Shainberg, the author of multiple novels and nonfiction works, became obsessed with understanding his own neurology (“e.g., the brain that was producing the book”) while writing Memories of Amnesia in the 1970s. In researching that 1988 novel about the implications of brain damage, he had seven months of hospital access to neurosurgeons, patients, and staff. His half-century desire to understand the contradictions of the human mind is displayed in this compilation of essays and articles, many of which were first printed in the ’70s in publications like The New York Times Magazine and Harper’s Magazine. The titular essay centers on the ubiquitous sports phenomenon of hot streaks, where an athlete is on a transcendent run of making three-point shots in basketball, hammering home runs in baseball, or hitting bullseyes in archery. Regardless of the euphoria experienced by fans and teammates who witness these moments of athletic grandeur, “Hot Hands” are not a statistical reality, no matter how “brutal, sacrilegious, and seemingly inarguable” the phenomenon may be. In making this point, Shainberg references peer-reviewed studies. The author similarly uses the New York City Marathon in his essay “Going Nowhere Fast” to examine intuition-defying examples of how the “psychodrama” of sports conflicts with scientific reality. Another major theme of the book is the powerful neurological revelations offered through Zen practice.
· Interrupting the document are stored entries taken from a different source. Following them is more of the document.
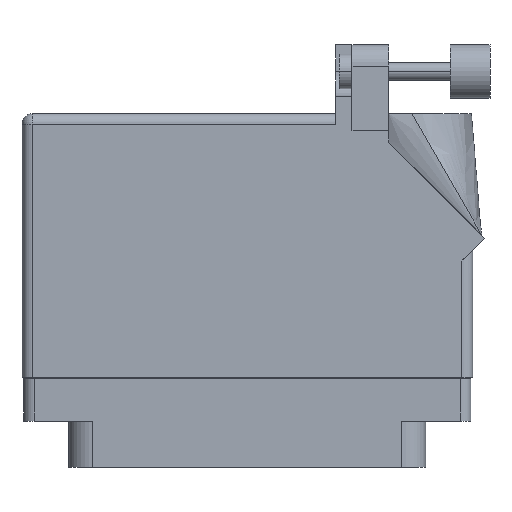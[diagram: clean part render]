
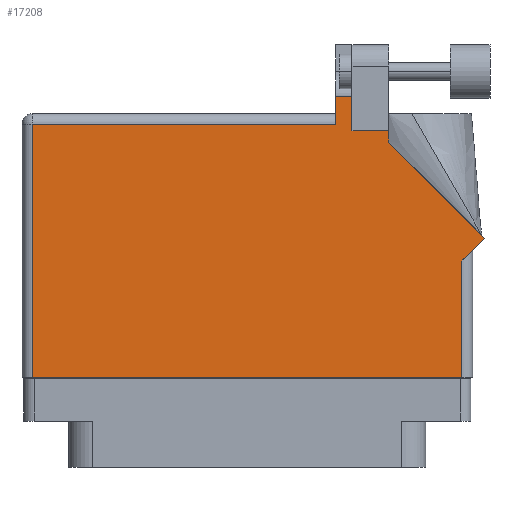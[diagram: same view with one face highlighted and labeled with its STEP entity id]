
A CAD part, front view. The second image highlights one B-rep face of the part: STEP entity #17208.
In plain terms, the highlighted face is planar.
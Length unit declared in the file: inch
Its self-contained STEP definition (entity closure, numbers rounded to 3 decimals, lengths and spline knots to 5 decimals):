
#49 = CARTESIAN_POINT ( 'NONE',  ( 0.513, 1.5315, 0.455 ) ) ;
#221 = VECTOR ( 'NONE', #23083, 39.37008 ) ;
#785 = DIRECTION ( 'NONE',  ( -0.707, 0.707, 0. ) ) ;
#1640 = VERTEX_POINT ( 'NONE', #49 ) ;
#1828 = CARTESIAN_POINT ( 'NONE',  ( 0.82, 1.26442, 0.455 ) ) ;
#2082 = CARTESIAN_POINT ( 'NONE',  ( 0.607, 1.33, 0.455 ) ) ;
#2425 = CARTESIAN_POINT ( 'NONE',  ( 1.244, 0.575, 0.455 ) ) ;
#2976 = DIRECTION ( 'NONE',  ( 0., 1., 0. ) ) ;
#3350 = LINE ( 'NONE', #6694, #26731 ) ;
#3666 = LINE ( 'NONE', #47013, #47791 ) ;
#3968 = CARTESIAN_POINT ( 'NONE',  ( -1.306, -0.1, 0.455 ) ) ;
#4143 = DIRECTION ( 'NONE',  ( 1., 0., 0. ) ) ;
#5109 = DIRECTION ( 'NONE',  ( -1., 0., 0. ) ) ;
#5565 = CARTESIAN_POINT ( 'NONE',  ( 0.82, 1.26442, 0.455 ) ) ;
#5858 = CARTESIAN_POINT ( 'NONE',  ( 0.82, 1.33, 0.455 ) ) ;
#6465 = FACE_OUTER_BOUND ( 'NONE', #18573, .T. ) ;
#6694 = CARTESIAN_POINT ( 'NONE',  ( 0.93777, 1.5315, 0.455 ) ) ;
#7440 = LINE ( 'NONE', #3968, #37716 ) ;
#7619 = LINE ( 'NONE', #27489, #15826 ) ;
#8244 = ORIENTED_EDGE ( 'NONE', *, *, #24293, .T. ) ;
#8708 = DIRECTION ( 'NONE',  ( -1., 0., 0. ) ) ;
#8728 = CARTESIAN_POINT ( 'NONE',  ( -1.306, 1.368, 0.455 ) ) ;
#8995 = LINE ( 'NONE', #29509, #38632 ) ;
#9970 = VERTEX_POINT ( 'NONE', #2425 ) ;
#10563 = VERTEX_POINT ( 'NONE', #39279 ) ;
#10873 = AXIS2_PLACEMENT_3D ( 'NONE', #33602, #33244, #8708 ) ;
#11435 = VERTEX_POINT ( 'NONE', #23367 ) ;
#11550 = DIRECTION ( 'NONE',  ( 0., -1., 0. ) ) ;
#12171 = LINE ( 'NONE', #31360, #221 ) ;
#12985 = VECTOR ( 'NONE', #41783, 39.37008 ) ;
#14093 = EDGE_CURVE ( 'NONE', #51600, #27255, #48488, .T. ) ;
#14761 = EDGE_CURVE ( 'NONE', #37501, #10563, #7440, .T. ) ;
#15752 = CARTESIAN_POINT ( 'NONE',  ( -1.244, -0.1, 0.455 ) ) ;
#15826 = VECTOR ( 'NONE', #2976, 39.37008 ) ;
#17208 = ADVANCED_FACE ( 'NONE', ( #6465 ), #21335, .F. ) ;
#18041 = DIRECTION ( 'NONE',  ( 0., 1., 0. ) ) ;
#18573 = EDGE_LOOP ( 'NONE', ( #34944, #49988, #47823, #34438, #8244, #42310, #28356, #40156, #36596, #33503, #45584 ) ) ;
#18603 = CARTESIAN_POINT ( 'NONE',  ( -1.244, 1.368, 0.455 ) ) ;
#21335 = PLANE ( 'NONE',  #10873 ) ;
#22110 = EDGE_CURVE ( 'NONE', #22245, #1640, #3350, .T. ) ;
#22241 = VECTOR ( 'NONE', #47066, 39.37008 ) ;
#22245 = VERTEX_POINT ( 'NONE', #40136 ) ;
#22596 = LINE ( 'NONE', #43610, #27086 ) ;
#23083 = DIRECTION ( 'NONE',  ( 0.707, 0.707, 0. ) ) ;
#23367 = CARTESIAN_POINT ( 'NONE',  ( 0.513, 1.368, 0.455 ) ) ;
#23704 = LINE ( 'NONE', #5858, #12985 ) ;
#24293 = EDGE_CURVE ( 'NONE', #24915, #37501, #22596, .T. ) ;
#24915 = VERTEX_POINT ( 'NONE', #18603 ) ;
#26731 = VECTOR ( 'NONE', #5109, 39.37008 ) ;
#27063 = VECTOR ( 'NONE', #18041, 39.37008 ) ;
#27086 = VECTOR ( 'NONE', #11550, 39.37008 ) ;
#27255 = VERTEX_POINT ( 'NONE', #47784 ) ;
#27489 = CARTESIAN_POINT ( 'NONE',  ( 0.607, 1.33, 0.455 ) ) ;
#27803 = EDGE_CURVE ( 'NONE', #10563, #9970, #33027, .T. ) ;
#28356 = ORIENTED_EDGE ( 'NONE', *, *, #27803, .T. ) ;
#28566 = EDGE_CURVE ( 'NONE', #11435, #24915, #51197, .T. ) ;
#29267 = EDGE_CURVE ( 'NONE', #41453, #22245, #7619, .T. ) ;
#29509 = CARTESIAN_POINT ( 'NONE',  ( 1.37671, 0.70771, 0.455 ) ) ;
#31321 = DIRECTION ( 'NONE',  ( 0., -1., 0. ) ) ;
#31360 = CARTESIAN_POINT ( 'NONE',  ( 1.306, 0.637, 0.455 ) ) ;
#33027 = LINE ( 'NONE', #41603, #22241 ) ;
#33244 = DIRECTION ( 'NONE',  ( 0., 0., -1. ) ) ;
#33503 = ORIENTED_EDGE ( 'NONE', *, *, #14093, .T. ) ;
#33602 = CARTESIAN_POINT ( 'NONE',  ( -1.306, 1.43, 0.455 ) ) ;
#34438 = ORIENTED_EDGE ( 'NONE', *, *, #28566, .T. ) ;
#34944 = ORIENTED_EDGE ( 'NONE', *, *, #29267, .T. ) ;
#36328 = VERTEX_POINT ( 'NONE', #46859 ) ;
#36596 = ORIENTED_EDGE ( 'NONE', *, *, #37294, .T. ) ;
#37294 = EDGE_CURVE ( 'NONE', #36328, #51600, #8995, .T. ) ;
#37501 = VERTEX_POINT ( 'NONE', #15752 ) ;
#37716 = VECTOR ( 'NONE', #4143, 39.37008 ) ;
#38632 = VECTOR ( 'NONE', #785, 39.37008 ) ;
#39279 = CARTESIAN_POINT ( 'NONE',  ( 1.244, -0.1, 0.455 ) ) ;
#40136 = CARTESIAN_POINT ( 'NONE',  ( 0.607, 1.5315, 0.455 ) ) ;
#40156 = ORIENTED_EDGE ( 'NONE', *, *, #44841, .T. ) ;
#40504 = VECTOR ( 'NONE', #48213, 39.37008 ) ;
#41453 = VERTEX_POINT ( 'NONE', #2082 ) ;
#41603 = CARTESIAN_POINT ( 'NONE',  ( 1.244, 0.637, 0.455 ) ) ;
#41783 = DIRECTION ( 'NONE',  ( -1., 0., 0. ) ) ;
#42310 = ORIENTED_EDGE ( 'NONE', *, *, #14761, .T. ) ;
#43610 = CARTESIAN_POINT ( 'NONE',  ( -1.244, -0.1, 0.455 ) ) ;
#44841 = EDGE_CURVE ( 'NONE', #9970, #36328, #12171, .T. ) ;
#45584 = ORIENTED_EDGE ( 'NONE', *, *, #49491, .T. ) ;
#46859 = CARTESIAN_POINT ( 'NONE',  ( 1.37671, 0.70771, 0.455 ) ) ;
#47013 = CARTESIAN_POINT ( 'NONE',  ( 0.513, 1.43, 0.455 ) ) ;
#47066 = DIRECTION ( 'NONE',  ( 0., 1., 0. ) ) ;
#47784 = CARTESIAN_POINT ( 'NONE',  ( 0.82, 1.33, 0.455 ) ) ;
#47791 = VECTOR ( 'NONE', #31321, 39.37008 ) ;
#47823 = ORIENTED_EDGE ( 'NONE', *, *, #48139, .T. ) ;
#48139 = EDGE_CURVE ( 'NONE', #1640, #11435, #3666, .T. ) ;
#48213 = DIRECTION ( 'NONE',  ( -1., 0., 0. ) ) ;
#48488 = LINE ( 'NONE', #1828, #27063 ) ;
#49491 = EDGE_CURVE ( 'NONE', #27255, #41453, #23704, .T. ) ;
#49988 = ORIENTED_EDGE ( 'NONE', *, *, #22110, .T. ) ;
#51197 = LINE ( 'NONE', #8728, #40504 ) ;
#51600 = VERTEX_POINT ( 'NONE', #5565 ) ;
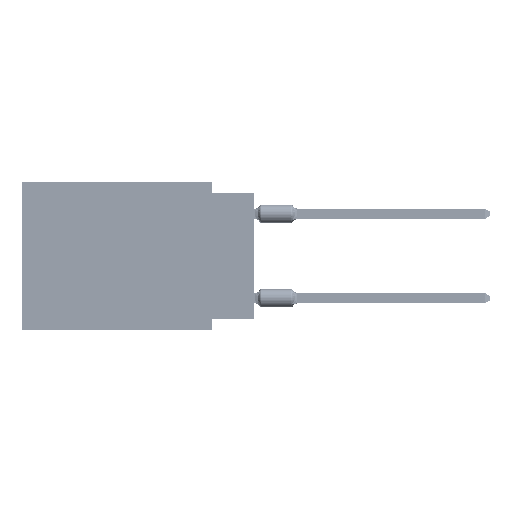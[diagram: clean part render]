
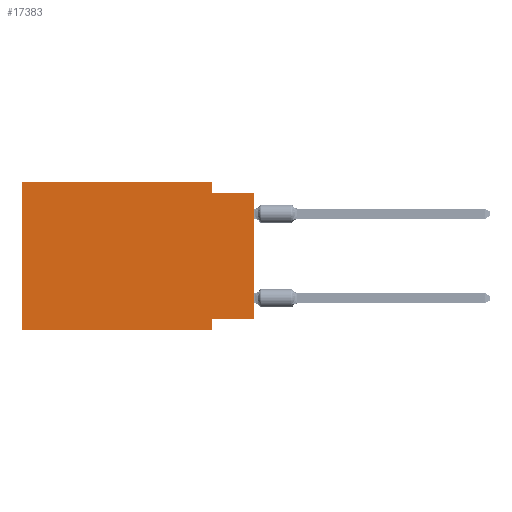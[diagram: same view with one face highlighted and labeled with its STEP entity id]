
A CAD part, left-side view. The second image highlights one B-rep face of the part: STEP entity #17383.
In plain terms, the highlighted planar face has unit normal (-1, 0, 0).
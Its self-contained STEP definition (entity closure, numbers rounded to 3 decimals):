
#774 = ORIENTED_EDGE ( 'NONE', *, *, #10888, .F. ) ;
#4035 = EDGE_CURVE ( 'NONE', #6206, #5110, #9465, .T. ) ;
#5110 = VERTEX_POINT ( 'NONE', #42362 ) ;
#5825 = DIRECTION ( 'NONE',  ( 0., -1., 0. ) ) ;
#6101 = VERTEX_POINT ( 'NONE', #10387 ) ;
#6206 = VERTEX_POINT ( 'NONE', #11091 ) ;
#7119 = PLANE ( 'NONE',  #49870 ) ;
#9465 = LINE ( 'NONE', #21135, #20231 ) ;
#9834 = CARTESIAN_POINT ( 'NONE',  ( 0., 0., -0.635 ) ) ;
#10387 = CARTESIAN_POINT ( 'NONE',  ( 0., 13.97, 0. ) ) ;
#10574 = VECTOR ( 'NONE', #54820, 1000. ) ;
#10888 = EDGE_CURVE ( 'NONE', #31449, #12002, #57868, .T. ) ;
#11091 = CARTESIAN_POINT ( 'NONE',  ( 0., 2.54, -8.255 ) ) ;
#11286 = LINE ( 'NONE', #33584, #72134 ) ;
#12002 = VERTEX_POINT ( 'NONE', #42519 ) ;
#13543 = ORIENTED_EDGE ( 'NONE', *, *, #56189, .T. ) ;
#14301 = EDGE_CURVE ( 'NONE', #6101, #31449, #47671, .T. ) ;
#14800 = LINE ( 'NONE', #59726, #71143 ) ;
#14918 = CARTESIAN_POINT ( 'NONE',  ( 0., 0., -8.255 ) ) ;
#15458 = EDGE_LOOP ( 'NONE', ( #37189, #41697, #774, #43142, #25667, #13543, #48639, #38914 ) ) ;
#15571 = EDGE_CURVE ( 'NONE', #26277, #6206, #43034, .T. ) ;
#15760 = VECTOR ( 'NONE', #35273, 1000. ) ;
#17383 = ADVANCED_FACE ( 'NONE', ( #40351 ), #7119, .F. ) ;
#20231 = VECTOR ( 'NONE', #37935, 1000. ) ;
#20815 = VERTEX_POINT ( 'NONE', #61409 ) ;
#21135 = CARTESIAN_POINT ( 'NONE',  ( 0., 2.54, -8.89 ) ) ;
#21504 = EDGE_CURVE ( 'NONE', #20815, #6101, #14800, .T. ) ;
#24642 = DIRECTION ( 'NONE',  ( 0., 0., -1. ) ) ;
#25667 = ORIENTED_EDGE ( 'NONE', *, *, #21504, .F. ) ;
#26277 = VERTEX_POINT ( 'NONE', #57714 ) ;
#27989 = LINE ( 'NONE', #54667, #64445 ) ;
#31449 = VERTEX_POINT ( 'NONE', #31991 ) ;
#31991 = CARTESIAN_POINT ( 'NONE',  ( 0., 2.54, 0. ) ) ;
#33584 = CARTESIAN_POINT ( 'NONE',  ( 0., 13.97, -8.89 ) ) ;
#35273 = DIRECTION ( 'NONE',  ( 0., -1., 0. ) ) ;
#36887 = VECTOR ( 'NONE', #71164, 1000. ) ;
#37084 = DIRECTION ( 'NONE',  ( 0., 0., 1. ) ) ;
#37189 = ORIENTED_EDGE ( 'NONE', *, *, #62276, .T. ) ;
#37935 = DIRECTION ( 'NONE',  ( 0., 0., -1. ) ) ;
#38914 = ORIENTED_EDGE ( 'NONE', *, *, #15571, .F. ) ;
#40351 = FACE_OUTER_BOUND ( 'NONE', #15458, .T. ) ;
#41082 = CARTESIAN_POINT ( 'NONE',  ( 0., 13.97, 0. ) ) ;
#41601 = VECTOR ( 'NONE', #62631, 1000. ) ;
#41697 = ORIENTED_EDGE ( 'NONE', *, *, #58874, .F. ) ;
#42362 = CARTESIAN_POINT ( 'NONE',  ( 0., 2.54, -8.89 ) ) ;
#42519 = CARTESIAN_POINT ( 'NONE',  ( 0., 2.54, -0.635 ) ) ;
#43034 = LINE ( 'NONE', #14918, #36887 ) ;
#43142 = ORIENTED_EDGE ( 'NONE', *, *, #14301, .F. ) ;
#46592 = CARTESIAN_POINT ( 'NONE',  ( 0., 13.97, 0. ) ) ;
#47260 = CARTESIAN_POINT ( 'NONE',  ( 0., 2.54, 0. ) ) ;
#47671 = LINE ( 'NONE', #46592, #15760 ) ;
#48639 = ORIENTED_EDGE ( 'NONE', *, *, #4035, .F. ) ;
#49338 = CARTESIAN_POINT ( 'NONE',  ( 0., 0., -0.635 ) ) ;
#49870 = AXIS2_PLACEMENT_3D ( 'NONE', #41082, #62642, #24642 ) ;
#50415 = LINE ( 'NONE', #49338, #10574 ) ;
#54667 = CARTESIAN_POINT ( 'NONE',  ( 0., 0., 0. ) ) ;
#54820 = DIRECTION ( 'NONE',  ( 0., -1., 0. ) ) ;
#56189 = EDGE_CURVE ( 'NONE', #20815, #5110, #11286, .T. ) ;
#57714 = CARTESIAN_POINT ( 'NONE',  ( 0., 0., -8.255 ) ) ;
#57868 = LINE ( 'NONE', #47260, #41601 ) ;
#58874 = EDGE_CURVE ( 'NONE', #12002, #61718, #50415, .T. ) ;
#59726 = CARTESIAN_POINT ( 'NONE',  ( 0., 13.97, 0. ) ) ;
#61409 = CARTESIAN_POINT ( 'NONE',  ( 0., 13.97, -8.89 ) ) ;
#61718 = VERTEX_POINT ( 'NONE', #9834 ) ;
#62276 = EDGE_CURVE ( 'NONE', #26277, #61718, #27989, .T. ) ;
#62631 = DIRECTION ( 'NONE',  ( 0., 0., -1. ) ) ;
#62642 = DIRECTION ( 'NONE',  ( 1., 0., 0. ) ) ;
#64445 = VECTOR ( 'NONE', #65992, 1000. ) ;
#65992 = DIRECTION ( 'NONE',  ( 0., 0., 1. ) ) ;
#71143 = VECTOR ( 'NONE', #37084, 1000. ) ;
#71164 = DIRECTION ( 'NONE',  ( 0., 1., 0. ) ) ;
#72134 = VECTOR ( 'NONE', #5825, 1000. ) ;

Essays, such as “The Violence of Just Sitting,” dissect Shainberg’s experiences with the devotion of “sesshin” and long periods of meditative sitting. In part a commemoration of the author’s distinguished career as an essayist, the volume pays particular attention to the interconnectedness of Zen, neurology, and creativity, ruminating on the mental processes behind Shainberg’s own work as well as others (an entire essay, for instance, centers on Zelda Fitzgerald). The collection excels at distilling the complexities of modern neuroscience into real-world examples in sports, literature, and spirituality. This emphasis on practicality is balanced with the literary sophistication and the gripping storytelling of a skilled novelist.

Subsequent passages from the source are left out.